Sachin Rana

Personal information
- Born: 18 September 1984 (age 40) Gurgaon, Haryana, India
- Batting: Right-handed
- Bowling: Right arm fast medium
- Role: Allrounder

Domestic team information
- 2004/05–2015/16: Haryana
- 2011: Pune Warriors India
- 2014: Royal Challengers Bangalore
- 2016: Prime Bank Cricket Club
- 2017/18: Abahani Limited cricket team

Career statistics
| Competition | FC | T20 |
| Matches | 48 | 23 |
| Runs scored | 2448 | 361 |
| Batting average | 32.21 | 20.05 |
| 100s/50s | 5/11 | 0/1 |
| Top score | 163* | 62 |
| Balls bowled | – | – |
| Wickets | 125 | 18 |
| Bowling average | 22.36 | 19.44 |
| 5 wickets in innings | – | – |
| 10 wickets in match | – | – |
| Best bowling | 5/32; | – |
| Catches/stumpings | 53/– | 11/– |
- Source: ESPNcricinfo, 14 March 2012

= Sachin Rana =

Indian cricketer (born 1984)

Sachin Rana (born 18 September 1984 in Gurgaon, Haryana) is an Indian former cricketer.
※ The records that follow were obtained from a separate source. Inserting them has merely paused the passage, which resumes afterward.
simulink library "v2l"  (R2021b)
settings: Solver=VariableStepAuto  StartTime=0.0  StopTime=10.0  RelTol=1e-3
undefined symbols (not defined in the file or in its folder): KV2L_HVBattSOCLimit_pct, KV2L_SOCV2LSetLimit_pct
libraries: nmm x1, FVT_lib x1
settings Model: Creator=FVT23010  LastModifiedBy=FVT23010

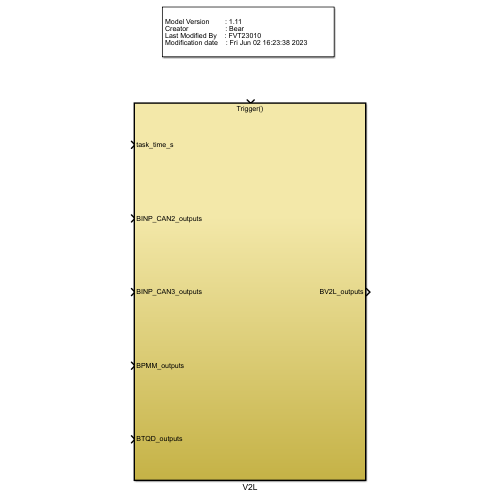
[thumbnail: Simulink's stored preview of the top-level diagram]
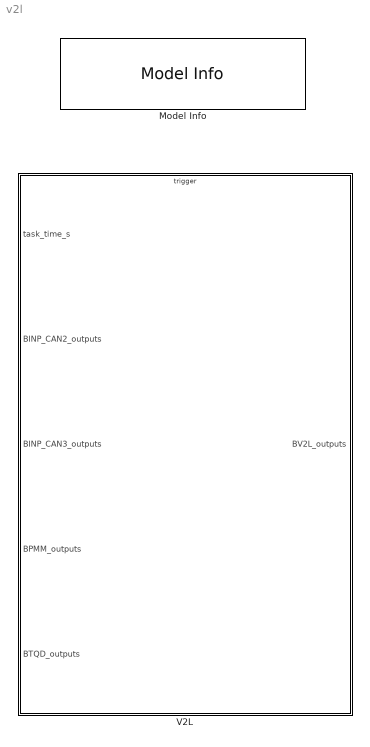
== system v2l ==
  Model Info : nmm/Model Info  InitialBlockCM=None  BlockCM=None  Frame=on  DisplayStringWithTags=|  HorizontalTextAlignment=Left  LeftAlignmentValue=0.02  SourceBlockDiagram=pmm  TagMaxNumber=20
      | Model Version        : %<ModelVersion>
      | Creator                   : Bear
      | Last Modified By    : %<LastModifiedBy>
      | Modification date    : %<LastModificationDate>
  V2L : Subsystem
      settings: RTWSystemCode=Nonreusable function  RTWFcnNameOpts=Use subsystem name  RTWFileNameOpts=Use subsystem name

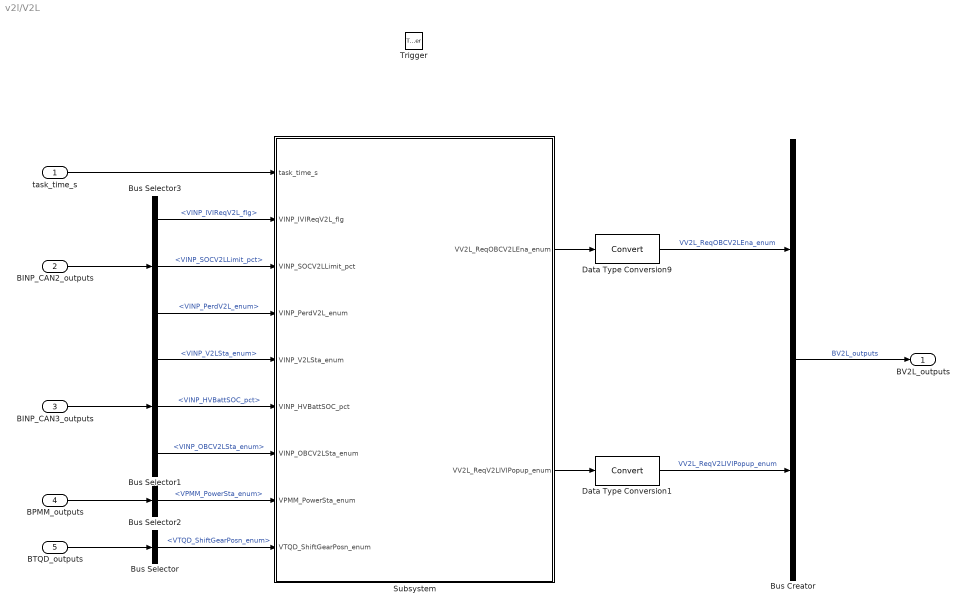
== system v2l/V2L ==
  task_time_s : Inport
  BINP_CAN2_outputs : Inport  Port=2  OutDataTypeStr=Bus: BINP_CAN2_outputs
  BINP_CAN3_outputs : Inport  Port=3  OutDataTypeStr=Bus: BINP_CAN3_outputs
  BPMM_outputs : Inport  Port=4  OutDataTypeStr=Bus: BPMM_outputs
  BTQD_outputs : Inport  Port=5  OutDataTypeStr=Bus: BTQD_outputs
  Trigger : TriggerPort  TriggerType=function-call  VariantControl=(inherit)  PortDimensions=1
  Bus Creator : BusCreator  Inputs=2  OutDataTypeStr=Bus: BV2L_outputs
  Bus Selector : BusSelector  OutputSignals=VTQD_ShiftGearPosn_enum
  Bus Selector1 : BusSelector  OutputSignals=VINP_V2LSta_enum,VINP_HVBattSOC_pct,VINP_OBCV2LSta_enum
  Bus Selector2 : BusSelector  OutputSignals=VPMM_PowerSta_enum
  Bus Selector3 : BusSelector  OutputSignals=VINP_IVIReqV2L_flg,VINP_SOCV2LLimit_pct,VINP_PerdV2L_enum
  Data Type Conversion1 : DataTypeConversion
  Data Type Conversion9 : DataTypeConversion
  Subsystem : Subsystem
  BV2L_outputs : Outport  OutDataTypeStr=Bus: BV2L_outputs
  wires:
  Bus Creator/1 -> BV2L_outputs/1  "BV2L_outputs"
  Subsystem/1(VV2L_ReqOBCV2LEna_enum) -> Data Type Conversion9/1
  Subsystem/2(VV2L_ReqV2LIVIPopup_enum) -> Data Type Conversion1/1
  task_time_s/1 -> Subsystem/1(task_time_s)
  BTQD_outputs/1 -> Bus Selector/1
  Bus Selector/1 -> Subsystem/9(VTQD_ShiftGearPosn_enum)  "<VTQD_ShiftGearPosn_enum>"
  BINP_CAN3_outputs/1 -> Bus Selector1/1
  Bus Selector1/2 -> Subsystem/6(VINP_HVBattSOC_pct)  "<VINP_HVBattSOC_pct>"
  BPMM_outputs/1 -> Bus Selector2/1
  Bus Selector2/1 -> Subsystem/8(VPMM_PowerSta_enum)  "<VPMM_PowerSta_enum>"
  BINP_CAN2_outputs/1 -> Bus Selector3/1
  Bus Selector3/2 -> Subsystem/3(VINP_SOCV2LLimit_pct)  "<VINP_SOCV2LLimit_pct>"
  Bus Selector3/1 -> Subsystem/2(VINP_IVIReqV2L_flg)  "<VINP_IVIReqV2L_flg>"
  Bus Selector3/3 -> Subsystem/4(VINP_PerdV2L_enum)  "<VINP_PerdV2L_enum>"
  Bus Selector1/1 -> Subsystem/5(VINP_V2LSta_enum)  "<VINP_V2LSta_enum>"
  Bus Selector1/3 -> Subsystem/7(VINP_OBCV2LSta_enum)  "<VINP_OBCV2LSta_enum>"
  Data Type Conversion9/1 -> Bus Creator/1  "VV2L_ReqOBCV2LEna_enum"
  Data Type Conversion1/1 -> Bus Creator/2  "VV2L_ReqV2LIVIPopup_enum"

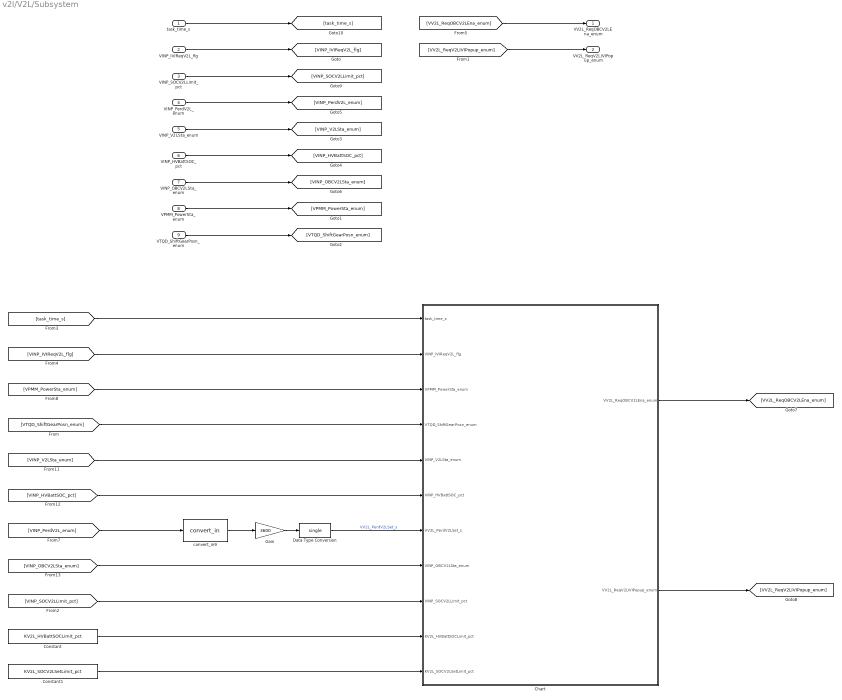
== system v2l/V2L/Subsystem ==
  task_time_s : Inport
  VINP_IVIReqV2L_flg : Inport  Port=2
  VINP_SOCV2LLimit_pct : Inport  Port=3
  VINP_PerdV2L_enum : Inport  Port=4
  VINP_V2LSta_enum : Inport  Port=5
  VINP_HVBattSOC_pct : Inport  Port=6
  VINP_OBCV2LSta_enum : Inport  Port=7
  VPMM_PowerSta_enum : Inport  Port=8
  VTQD_ShiftGearPosn_enum : Inport  Port=9
  Chart : Stateflow chart  TreatAsAtomicUnit=on
  Constant : Constant  Value=KV2L_HVBattSOCLimit_pct
  Constant1 : Constant  Value=KV2L_SOCV2LSetLimit_pct
  Data Type Conversion : DataTypeConversion  OutDataTypeStr=single
  Gain : Gain  Gain=3600
  convert_in9 : FVT_lib/hal/convert_in  gain=0.5  offset=0.5
  VV2L_ReqOBCV2LEna_enum : Outport
  VV2L_ReqV2LIVIPopup_enum : Outport  Port=2
  wires:
  task_time_s/1 -> [task_time_s]
  [VV2L_ReqOBCV2LEna_enum] -> VV2L_ReqOBCV2LEna_enum/1
  [task_time_s] -> Chart/1(task_time_s)
  Constant1/1 -> Chart/11(KV2L_SOCV2LSetLimit_pct)
  Chart/1(VV2L_ReqOBCV2LEna_enum) -> [VV2L_ReqOBCV2LEna_enum]
  VTQD_ShiftGearPosn_enum/1 -> [VTQD_ShiftGearPosn_enum]
  VINP_IVIReqV2L_flg/1 -> [VINP_IVIReqV2L_flg]
  VINP_SOCV2LLimit_pct/1 -> [VINP_SOCV2LLimit_pct]
  VINP_V2LSta_enum/1 -> [VINP_V2LSta_enum]
  VINP_OBCV2LSta_enum/1 -> [VINP_OBCV2LSta_enum]
  [VINP_HVBattSOC_pct] -> Chart/6(VINP_HVBattSOC_pct)
  Chart/2(VV2L_ReqV2LIVIPopup_enum) -> [VV2L_ReqV2LIVIPopup_enum]
  VINP_PerdV2L_enum/1 -> [VINP_PerdV2L_enum]
  [VINP_SOCV2LLimit_pct] -> Chart/9(VINP_SOCV2LLimit_pct)
  VPMM_PowerSta_enum/1 -> [VPMM_PowerSta_enum]
  [VINP_IVIReqV2L_flg] -> Chart/2(VINP_IVIReqV2L_flg)
  [VINP_V2LSta_enum] -> Chart/5(VINP_V2LSta_enum)
  [VINP_OBCV2LSta_enum] -> Chart/8(VINP_OBCV2LSta_enum)
  VINP_HVBattSOC_pct/1 -> [VINP_HVBattSOC_pct]
  [VPMM_PowerSta_enum] -> Chart/3(VPMM_PowerSta_enum)
  Constant/1 -> Chart/10(KV2L_HVBattSOCLimit_pct)
  [VV2L_ReqV2LIVIPopup_enum] -> VV2L_ReqV2LIVIPopup_enum/1
  [VTQD_ShiftGearPosn_enum] -> Chart/4(VTQD_ShiftGearPosn_enum)
  Data Type Conversion/1 -> Chart/7(VV2L_PerdV2LSet_s)  "VV2L_PerdV2LSet_s"
  Gain/1 -> Data Type Conversion/1
  [VINP_PerdV2L_enum] -> convert_in9/1
  convert_in9/1 -> Gain/1

== stateflow chart v2l/V2L/Subsystem/Chart ==
  state V2L
    en:
    VV2L_PerdV2LTimer_s = 0;
    VV2L_ReqOBCV2LEna_enum = ENUM_REQOBCV2L_NOREQUEST;
    VV2L_ReqV2LIVIPopup_enum = ENUM_REQV2LIVI_NOREQUEST;
    % 第一版先不考慮V2L放電模式下，更改設定時間的可能
    (default) -> (junction 102)
    V2L -> (junction 102) : {VV2L_ReqV2LIVIPopup_enum = ENUM_REQV2LIVI_NOREQUEST}
    (junction 102) -> (junction 16) [order 1] : [VINP_IVIReqV2L_flg]
    (junction 16) -> (junction 191) [order 1] : [VINP_HVBattSOC_pct > KV2L_HVBattSOCLimit_pct]
    (junction 191) -> (junction 45) [order 1] : [VINP_SOCV2LLimit_pct >= KV2L_SOCV2LSetLimit_pct]
    (junction 45) -> (junction 53) [order 1] : [VINP_HVBattSOC_pct > VINP_SOCV2LLimit_pct]
    (junction 53) -> (junction 168) [order 1] : [VV2L_PerdV2LSet_s > VV2L_PerdV2LTimer_s]
        | {VV2L_PerdV2LTimer_s += task_time_s;}
    (junction 168) -> (junction 217) [order 1] : [VTQD_ShiftGearPosn_enum == ENUM_GEARPOSNTOCAN_P && VPMM_PowerSta_enum == ENUM_POWERSTA_ON]
    (junction 217) -> (junction 180) [order 1] : [VINP_V2LSta_enum == ENUM_V2LSTA_PLUGIN || VINP_V2LSta_enum == ENUM_V2LSTA_SWON]
    (junction 180) -> (junction 59) [order 1] : [VINP_V2LSta_enum == ENUM_V2LSTA_SWON]
        | {VV2L_ReqOBCV2LEna_enum = ENUM_REQOBCV2L_EXTERNALDISCHRG;}
    (junction 59) -> (junction 61) [order 1] : [VINP_OBCV2LSta_enum == ENUM_OBCV2LSTA_FAULT]
    (junction 102) -> (junction 108) [order 2]
    (junction 16) -> (junction 200) [order 2] : {VV2L_ReqV2LIVIPopup_enum = ENUM_REQV2LIVI_SOCTOOLOW;}
    (junction 191) -> (junction 192) [order 2]
    (junction 45) -> (junction 203) [order 2] : {VV2L_ReqV2LIVIPopup_enum = ENUM_REQV2LIVI_STOPBYSOC;}
    (junction 53) -> (junction 205) [order 2] : {VV2L_ReqV2LIVIPopup_enum = ENUM_REQV2LIVI_TIMEUP;}
    (junction 168) -> (junction 173) [order 2]
    (junction 217) -> (junction 223) [order 2]
    (junction 180) -> (junction 226) [order 2] : {VV2L_ReqV2LIVIPopup_enum = ENUM_REQV2LIVI_PLUGINSWOFF;
        | VV2L_ReqOBCV2LEna_enum = ENUM_REQOBCV2L_NOREQUEST;
        | VV2L_PerdV2LTimer_s = 0;}
    (junction 59) -> (junction 218) [order 2]
    (junction 61) -> (junction 63) : {VV2L_ReqV2LIVIPopup_enum = ENUM_REQV2LIVI_FAULT;}
    (junction 173) -> (junction 167) [order 1] : [VINP_V2LSta_enum == ENUM_V2LSTA_NOPLUG]
    (junction 167) -> (junction 172)
    (junction 173) -> (junction 207) [order 2] : {VV2L_ReqV2LIVIPopup_enum = ENUM_REQV2LIVI_CHECKPLUG;}
    (junction 108) -> (junction 200)
    (junction 200) -> (junction 192)
    (junction 192) -> (junction 203)
    (junction 203) -> (junction 205)
    (junction 205) -> (junction 207)
    (junction 207) -> (junction 172)
    (junction 172) -> (junction 223)
    (junction 223) -> (junction 63)
    (junction 63) -> (junction 196) : {VV2L_ReqOBCV2LEna_enum = ENUM_REQOBCV2L_NOREQUEST;
        | VV2L_PerdV2LTimer_s = 0;}
  (default) -> V2L
  data: task_time_s input; VINP_IVIReqV2L_flg input; VPMM_PowerSta_enum input; VTQD_ShiftGearPosn_enum input; VINP_V2LSta_enum input; VINP_HVBattSOC_pct input; VV2L_PerdV2LSet_s input; VV2L_ReqOBCV2LEna_enum output uint8; VV2L_ReqV2LIVIPopup_enum output uint8; ENUM_GEARPOSNTOCAN_P parameter; ENUM_POWERSTA_ON parameter; ENUM_REQV2LIVI_CHECKPLUG parameter; ENUM_V2LSTA_NOPLUG parameter; ENUM_V2LSTA_PLUGIN parameter; ENUM_V2LSTA_SWON parameter; ENUM_REQV2LIVI_SOCTOOLOW parameter; ENUM_REQV2LIVI_FAULT parameter; ENUM_REQV2LIVI_TIMEUP parameter; ENUM_REQV2LIVI_PLUGINSWOFF parameter; VINP_OBCV2LSta_enum input; VV2L_PerdV2LTimer_s local double; ENUM_OBCV2LSTA_FAULT parameter; VINP_SOCV2LLimit_pct input; ENUM_REQV2LIVI_NOREQUEST parameter; ENUM_REQV2LIVI_STOPBYSOC parameter; KV2L_HVBattSOCLimit_pct input; KV2L_SOCV2LSetLimit_pct input; ENUM_REQOBCV2L_EXTERNALDISCHRG parameter; ENUM_REQOBCV2L_NOREQUEST parameter

He made his List A debut in 2003-04 and his first-class debut in 2004–05; he has since played for Haryana, North Zone and Pune Warriors India as a right-handed middle order batsman. He made his Twenty20 debut against the Punjab team in 2007, and he played for the Pune Warriors India in the IPL 2011 season. He was signed by Sunrisers Hyderabad in the IPL 2013 season and played nine matches for Royal Challengers Bangalore in IPL 2014.